The I/O thread should print a warning if the some system variables do not
exist on master (very old master)
@ mysql-test/extra/rpl_tests/rpl_get_master_version_and_clock.test
Added test file for bug #45214
@ mysql-test/suite/rpl/r/rpl_get_master_version_and_clock.result
Added test result for bug #45214
@ mysql-test/suite/rpl/t/rpl_get_master_version_and_clock.test
Added test file for bug #45214
@ sql/slave.cc
The 'is_network_error()' function is added for checking if the error is caused by network.
Added a new return value (2) to 'get_master_version_and_clock()' function result set
to indicate transient network errors when queries fail, and the caller should
try to reconnect in this case.
added:
mysql-test/extra/rpl_tests/rpl_get_master_version_and_clock.test
mysql-test/suite/rpl/r/rpl_get_master_version_and_clock.result
mysql-test/suite/rpl/t/rpl_get_master_version_and_clock.test
modified:
sql/slave.cc
=== added file 'mysql-test/extra/rpl_tests/rpl_get_master_version_and_clock.test'
--- a/mysql-test/extra/rpl_tests/rpl_get_master_version_and_clock.test 1970-01-01 00:00:00 +0000
+++ b/mysql-test/extra/rpl_tests/rpl_get_master_version_and_clock.test 2009-07-15 14:47:55 +0000
@@ -0,0 +1,47 @@
+#
+# BUG#45214
+# The common part of the "rpl_get_master_version_and_clock" test.

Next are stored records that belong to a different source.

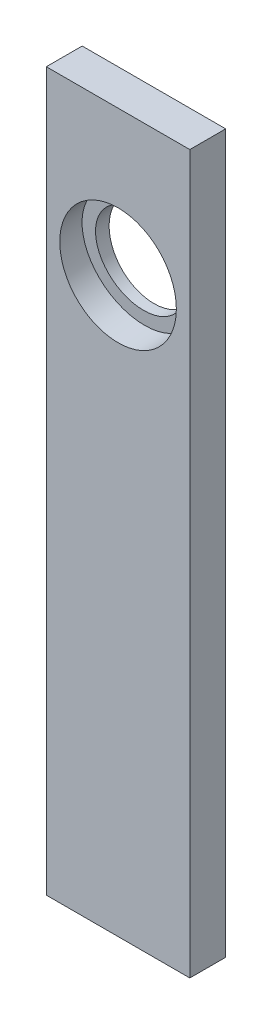
SolidWorks part; units mm, degrees
ref_plane "Front Plane" through (0, 0, 0) normal (0, 0, 1) x (1, 0, 0)
ref_plane "Top Plane" through (0, 0, 0) normal (0, 1, 0) x (1, 0, 0)
ref_plane "Right Plane" through (0, 0, 0) normal (1, 0, 0) x (0, 0, -1)
sketch "Sketch1" plane through (0, 0, 0) normal (0, 0, 1) x (1, 0, 0)
  line L1 (-40, 200) -> (40, 200)
  line L2 (-40, 200) -> (-40, -200)
  line L3 (-40, -200) -> (40, -200)
  line L4 (40, 200) -> (40, -200)
  line L5 (-40, 200) -> (40, -200) construction
  line L6 (-40, -200) -> (40, 200) construction
  point P0 (0, 0)
  dimension "D1" = 400
  dimension "D2" = 80
extrude "Boss-Extrude1" add sketch "Sketch1" along normal blind 20
sketch "Sketch2" plane through (0, 0, 20) normal (0, 0, 1) x (1, 0, 0)
  line L0 (0, -200) -> (0, 120)
  line L1 (-40, -200) -> (40, -200) construction
  dimension "D1" = 320
ref_plane "Plane1" through (0, 120, 0) normal (0, 1, 0) x (1, 0, 0)
sketch "Sketch3" plane through (0, 120, 0) normal (0, 1, 0) x (1, 0, 0)
  line L0 (0, -20) -> (0, 0)
  line L2 (0, -7.5) -> (15.3391, -7.5) construction
ref_plane "Plane3" through (0, 0.062, -0.8869) normal (0, -0.0698, 0.9976) x (1, 0, 0)
sketch "Sketch4" plane through (0, 0.062, -0.8869) normal (0, -0.0698, 0.9976) x (1, 0, 0)
  line L0 (0, 121.1028) -> (0, 119.7077) construction
  circle A0 centre (0, 120.4053) radius 32.5
  dimension "D1" = 65
extrude "Cut-Extrude4" cut sketch "Sketch4" along normal through all
sketch "Sketch6" plane through (0, 0.062, -0.8869) normal (0, -0.0698, 0.9976) x (1, 0, 0)
  circle A1 centre (0, 120.4053) radius 25
  dimension "D1" = 50
extrude "Cut-Extrude6" cut sketch "Sketch6" against normal through all
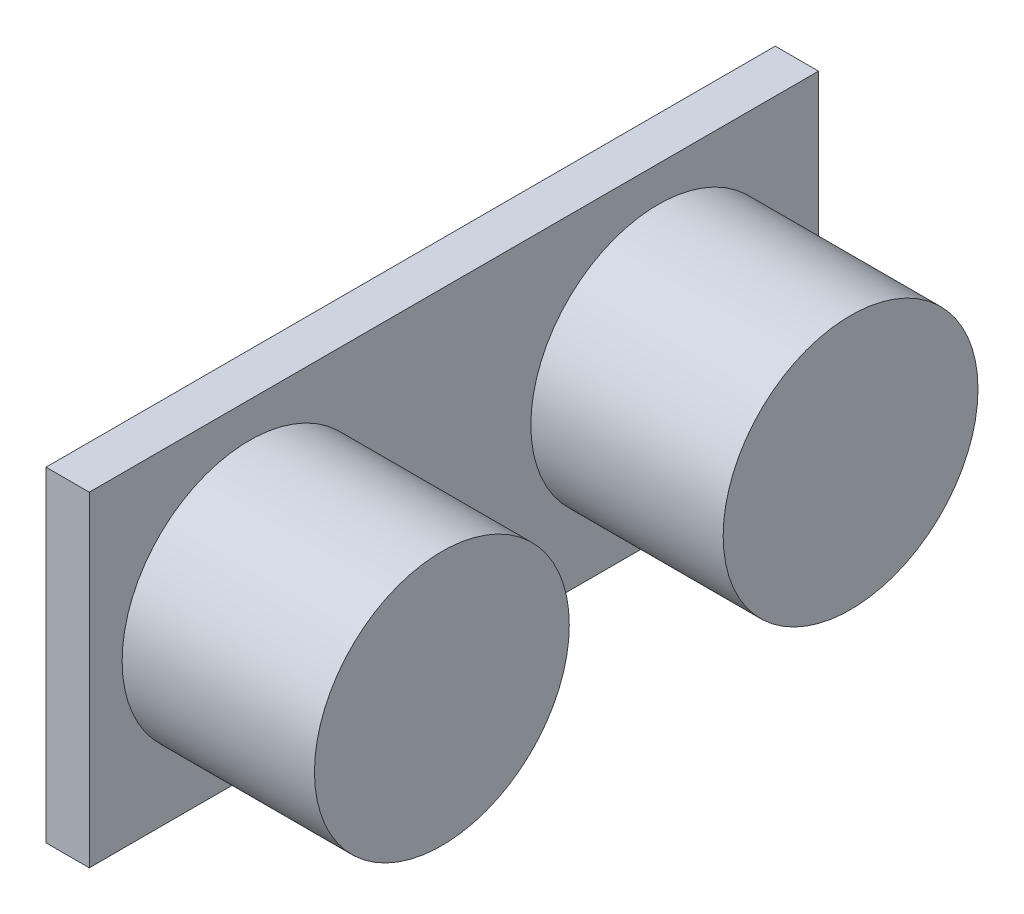
SolidWorks part; units mm, degrees
ref_plane "Front Plane" through (0, 0, 0) normal (0, 0, 1) x (1, 0, 0)
ref_plane "Top Plane" through (0, 0, 0) normal (0, 1, 0) x (1, 0, 0)
ref_plane "Right Plane" through (0, 0, 0) normal (1, 0, 0) x (0, 0, -1)
sketch "Sketch1" plane through (0, 0, 0) normal (1, 0, 0) x (0, 0, -1)
  line L1 (0, 0) -> (45.5, 0)
  line L2 (0, 0) -> (0, 20.3)
  line L3 (0, 20.3) -> (45.5, 20.3)
  line L4 (45.5, 0) -> (45.5, 20.3)
  dimension "D1" = 45.5
  dimension "D2" = 20.3
extrude "Boss-Extrude1" add sketch "Sketch1" along normal blind 2.7
sketch "Sketch2" plane through (2.7, 0, 0) normal (1, 0, 0) x (0, 0, -1)
  line L0 (0, 10.15) -> (45.5, 10.15) construction
  line L1 (0, 20.3) -> (0, 0) construction
  line L2 (45.5, 0) -> (45.5, 20.3) construction
  circle A0 centre (10, 10.15) radius 7.95
  circle A1 centre (35.5, 10.15) radius 7.95
  point P10 (35.8862, 10.15)
  point P11 (10.0676, 10.15)
  dimension "D3" = 15.9
  dimension "D1" = 10
  dimension "D2" = 10
extrude "Boss-Extrude2" add sketch "Sketch2" along normal blind 12
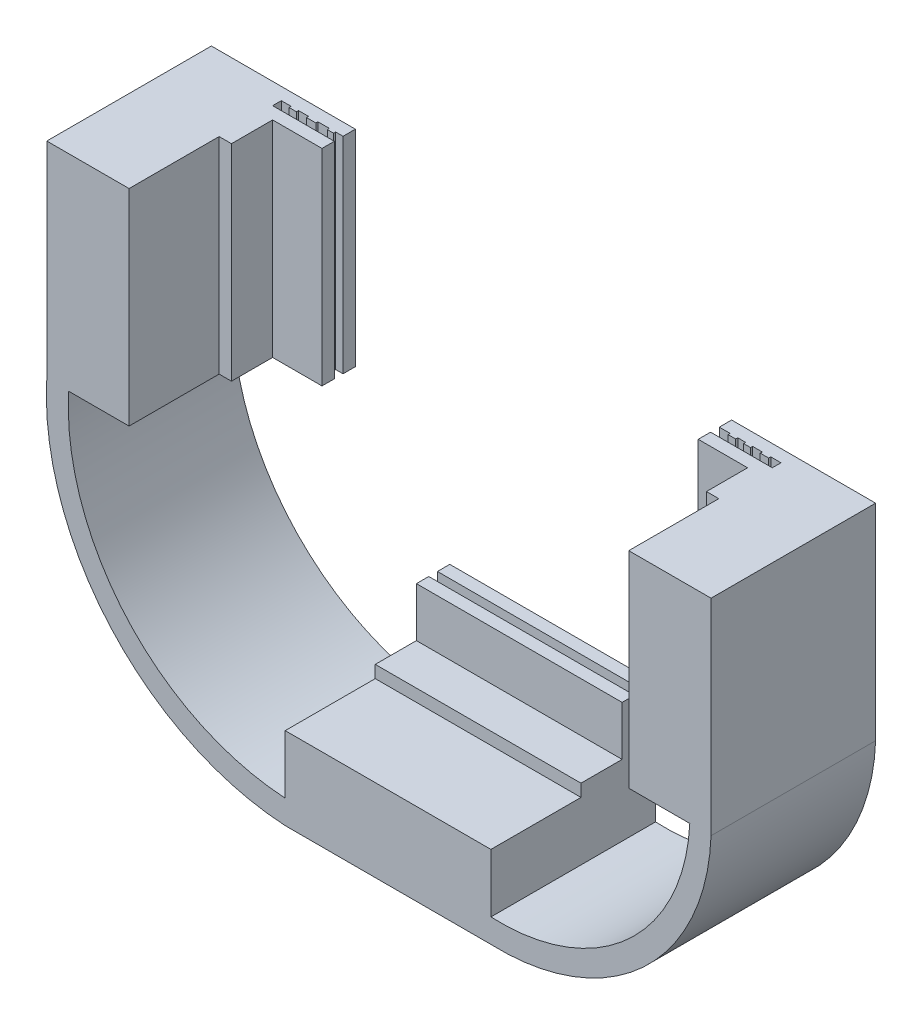
SolidWorks part; units mm, degrees
material "Custom Plastic"
ref_plane "X-Y Datum" through (0, 0, 0) normal (0, 0, 1) x (1, 0, 0)
ref_plane "X-Z Datum" through (0, 0, 0) normal (0, 1, 0) x (1, 0, 0)
ref_plane "Y-Z Datum" through (0, 0, 0) normal (1, 0, 0) x (0, 0, -1)
sketch "Sketch1" plane through (0, 0, 0) normal (0, 0, 1) x (1, 0, 0)
  line L1 (0, 0) -> (12.7, 0)
  line L2 (0, 0) -> (0, 5.08)
  line L3 (0, 5.08) -> (12.7, 5.08)
  line L4 (12.7, 0) -> (12.7, 5.08)
extrude "Boss-Extrude1" add sketch "Sketch1" along normal blind 10.16
sketch "Sketch2" plane through (0, 5.08, 0) normal (0, 1, 0) x (1, 0, 0)
  line L0 (12.7, -10.16) -> (12.7, 0) construction
  line L1 (0, 0) -> (12.7, 0)
  line L2 (0, 0) -> (0, -0.762)
  line L3 (0, -0.762) -> (12.7, -0.762)
  line L4 (12.7, 0) -> (12.7, -0.762)
extrude "Boss-Extrude3" add sketch "Sketch2" along normal blind 3.81
sketch "Sketch4" plane through (0, 5.08, 0) normal (0, 1, 0) x (1, 0, 0)
  line L3 (0, -10.16) -> (0, -0.762) construction
  line L4 (1.196, -2.061) -> (0, -2.061)
  line L6 (1.196, -1.299) -> (0, -1.299)
  line L7 (0, -2.061) -> (0, -1.299)
  line L8 (12.7, -10.16) -> (12.7, -0.762) construction
  line L9 (1.196, -1.299) -> (12.7, -1.299)
  line L11 (1.196, -2.061) -> (12.7, -2.061)
  line L12 (12.7, -1.299) -> (12.7, -2.061)
  dimension "D1" = 0.762
extrude "Boss-Extrude4" add sketch "Sketch4" along normal blind 3.81
move or copy body "Body-Move/Copy1" bodies to move or copy 104 copy yes number of copies 1 translate (-19.746, 19.1694, 0)
move or copy body "Body-Move/Copy3" bodies to move or copy 106 copy no rotation origin (-13.396, 25.7659, 0) rotation axis (0, 0, -1) rotation angle 90
move or copy body "Body-Move/Copy5" bodies to move or copy 108 copy yes number of copies 1 translate (40.5077, -2.2302, 0)
move or copy body "Body-Move/Copy6" bodies to move or copy 110 copy no rotation origin (27.1117, 25.7659, 0) rotation axis (0, 0, 1) rotation angle 180
move or copy body "Body-Move/Copy7" bodies to move or copy 111 copy no translate (-7.4197, -9.0403, 0)
move or copy body "Body-Move/Copy8" bodies to move or copy 108 copy no translate (5.2747, -2.8733, 0)
sketch "Sketch12" plane through (0, 0, 10.16) normal (0, 0, 1) x (1, 0, 0)
  line L0 (0, 5.08) -> (0, 0) construction
  line L1 (-14.7178, 16.5426) -> (-9.6378, 16.5426) construction
  line L2 (12.7, 0) -> (12.7, 5.08) construction
  line L3 (21.2085, 12.6058) -> (26.2885, 12.6058) construction
  line L4 (-14.7178, 16.5426) -> (-13.3646, 16.5426)
  line L5 (0, 1.469) -> (0, 0)
  line L6 (12.7, 1.469) -> (12.7, 0)
  line L7 (24.9758, 12.6058) -> (26.2885, 12.6058)
  arc A0 (0, 0) -> (-14.7178, 16.5426) centre (0.9124, 15.6302) cw
  arc A1 (26.2885, 12.6058) -> (12.7, 0) centre (13.1914, 13.0971) cw
  arc A2 (0, 1.469) -> (-13.3646, 16.5426) centre (0.8545, 15.6881) cw
  arc A3 (12.7, 1.469) -> (24.9758, 12.6058) centre (13.2695, 13.1753) ccw
extrude "Boss-Extrude6" add sketch "Sketch12" against normal blind 10.16
sketch "Sketch17" plane through (0, 0, 0.762) normal (0, 0, 1) x (1, 0, 0)
  line L0 (12.7, 8.89) -> (12.7, 5.08) construction
  line L1 (12.7, 8.3005) -> (0, 8.3005)
  line L2 (12.7, 8.3005) -> (12.7, 7.7135)
  line L3 (12.7, 7.7135) -> (0, 7.7135)
  line L4 (0, 8.3005) -> (0, 7.7135)
  line L5 (0, 8.89) -> (0, 5.08) construction
  line L6 (-5.8278, 16.5426) -> (-9.6378, 16.5426) construction
  line L7 (12.7, 7.1972) -> (0, 7.1972)
  line L8 (12.7, 7.1972) -> (12.7, 6.637)
  line L9 (12.7, 6.637) -> (0, 6.637)
  line L10 (0, 7.1972) -> (0, 6.637)
  line L11 (12.7, 6.1167) -> (0, 6.1167)
  line L12 (12.7, 6.1167) -> (12.7, 5.6463)
  line L13 (12.7, 5.6463) -> (0, 5.6463)
  line L14 (0, 6.1167) -> (0, 5.6463)
  line L15 (-6.6735, 16.5426) -> (-6.2845, 16.5426)
  line L16 (-6.6735, 16.5426) -> (-6.6735, 29.2426)
  line L17 (-6.6735, 29.2426) -> (-6.2845, 29.2426)
  line L18 (-6.2845, 16.5426) -> (-6.2845, 29.2426)
  line L19 (-5.8278, 29.2426) -> (-9.6378, 29.2426) construction
  line L20 (17.3985, 25.3058) -> (21.2085, 25.3058) construction
  line L21 (-7.3834, 16.5426) -> (-7.9498, 16.5426)
  line L22 (-7.3834, 16.5426) -> (-7.3834, 29.2426)
  line L23 (-7.3834, 29.2426) -> (-7.9498, 29.2426)
  line L24 (-7.9498, 16.5426) -> (-7.9498, 29.2426)
  line L25 (-9.0379, 29.2426) -> (-8.5772, 29.2426)
  line L26 (-9.0379, 29.2426) -> (-9.0379, 16.5426)
  line L27 (-9.0379, 16.5426) -> (-8.5772, 16.5426)
  line L28 (-8.5772, 29.2426) -> (-8.5772, 16.5426)
  line L29 (20.5767, 25.3058) -> (20.0539, 25.3058)
  line L30 (20.5767, 25.3058) -> (20.5767, 12.6058)
  line L31 (20.5767, 12.6058) -> (20.0539, 12.6058)
  line L32 (20.0539, 25.3058) -> (20.0539, 12.6058)
  line L33 (17.3985, 12.6058) -> (21.2085, 12.6058) construction
  line L35 (19.4504, 25.3058) -> (19.0321, 25.3058)
  line L36 (19.4504, 25.3058) -> (19.4504, 12.6058)
  line L37 (19.4504, 12.6058) -> (19.0321, 12.6058)
  line L38 (19.0321, 25.3058) -> (19.0321, 12.6058)
  line L39 (18.5411, 25.3058) -> (18.0748, 25.3058)
  line L40 (18.5411, 25.3058) -> (18.5411, 12.6121)
  line L41 (18.5411, 12.6121) -> (18.0748, 12.6121)
  line L42 (18.0748, 25.3058) -> (18.0748, 12.6121)
extrude "Boss-Extrude10" add sketch "Sketch17" along normal blind 0.127
sketch "Sketch18" plane through (0, 0, 2.061) normal (0, 0, 1) x (1, 0, 0)
  line L0 (-5.8278, 29.2426) -> (-9.6378, 29.2426) construction
  line L1 (-8.8758, 29.2426) -> (-9.6378, 29.2426)
  line L2 (-8.8758, 29.2426) -> (-8.8758, 16.5426)
  line L3 (-8.8758, 16.5426) -> (-9.6378, 16.5426)
  line L4 (-9.6378, 29.2426) -> (-9.6378, 16.5426)
  line L5 (12.7, 8.89) -> (12.7, 5.08) construction
  line L6 (0, 5.08) -> (12.7, 5.08)
  line L7 (0, 5.08) -> (0, 5.842)
  line L8 (0, 5.842) -> (12.7, 5.842)
  line L9 (12.7, 5.08) -> (12.7, 5.842)
  line L10 (17.3985, 25.3058) -> (21.2085, 25.3058) construction
  line L11 (21.2085, 12.6058) -> (20.4465, 12.6058)
  line L12 (21.2085, 12.6058) -> (21.2085, 25.3058)
  line L13 (21.2085, 25.3058) -> (20.4465, 25.3058)
  line L14 (20.4465, 12.6058) -> (20.4465, 25.3058)
extrude "Boss-Extrude11" add sketch "Sketch18" along normal blind 2.54

+# Restart slave under network disconnection between slave and master
+#
+connection slave;
+# Restart slave
+--disable_warnings
+stop slave;
+source include/wait_for_slave_to_stop.inc;
+start slave;
+source include/wait_for_slave_to_start.inc;
+connection master;
+# Write file to make mysql-test-run.pl expect the "crash", but don't start
+# it until it's told to
+--write_file $MYSQLTEST_VARDIR/tmp/mysqld.1.expect
+wait
+EOF
+
+# Send shutdown to the connected server and give
+# it 10 seconds to die before zapping it
+shutdown_server 10;
+
+# Show slave last IO errno
+connection slave;
+source include/wait_for_slave_io_error.inc;
+let $last_io_errno= query_get_value("show slave status", Last_IO_Errno, 1);
+echo Slave_IO_Errno= $last_io_errno;
+
+# Write file to make mysql-test-run.pl start up the server again
+--append_file $MYSQLTEST_VARDIR/tmp/mysqld.1.expect
+restart
+EOF
+
+connection master;
+# Turn on reconnect
+--enable_reconnect
+
+# Call script that will poll the server waiting for it to be back online again
+--source include/wait_until_connected_again.inc
+
+# Turn off reconnect again
+--disable_reconnect
+
+connection slave;
+source include/wait_for_slave_to_start.inc;
+
=== added file 'mysql-test/suite/rpl/r/rpl_get_master_version_and_clock.result'
--- a/mysql-test/suite/rpl/r/rpl_get_master_version_and_clock.result 1970-01-01 00:00:00 +0000
+++ b/mysql-test/suite/rpl/r/rpl_get_master_version_and_clock.result 2009-07-15 14:47:55 +0000
@@ -0,0 +1,22 @@
+stop slave;
+drop table if exists t1,t2,t3,t4,t5,t6,t7,t8,t9;
+reset master;
+reset slave;
+drop table if exists t1,t2,t3,t4,t5,t6,t7,t8,t9;
+start slave;
+set global debug= 'd,before_get_UNIX_TIMESTAMP_bug45214';
+stop slave;
+start slave;
+Slave_IO_Errno= 2013
+set global debug= 'd,before_get_SERVER_ID_bug45214';
+stop slave;
+start slave;
+Slave_IO_Errno= 2013
+set global debug= '';
+reset master;
+include/stop_slave.inc
+change master to master_port=SLAVE_PORT;
+start slave;
+*** must be having the replicate-same-server-id IO thread error ***
+Slave_IO_Errno= 1593
+Slave_IO_Error= Fatal error: The slave I/O thread stops because master and slave have equal MySQL server ids; these ids must be different for replication to work (or the --replicate-same-server-id option must be used on slave but this does not always make sense; please check the manual before using it).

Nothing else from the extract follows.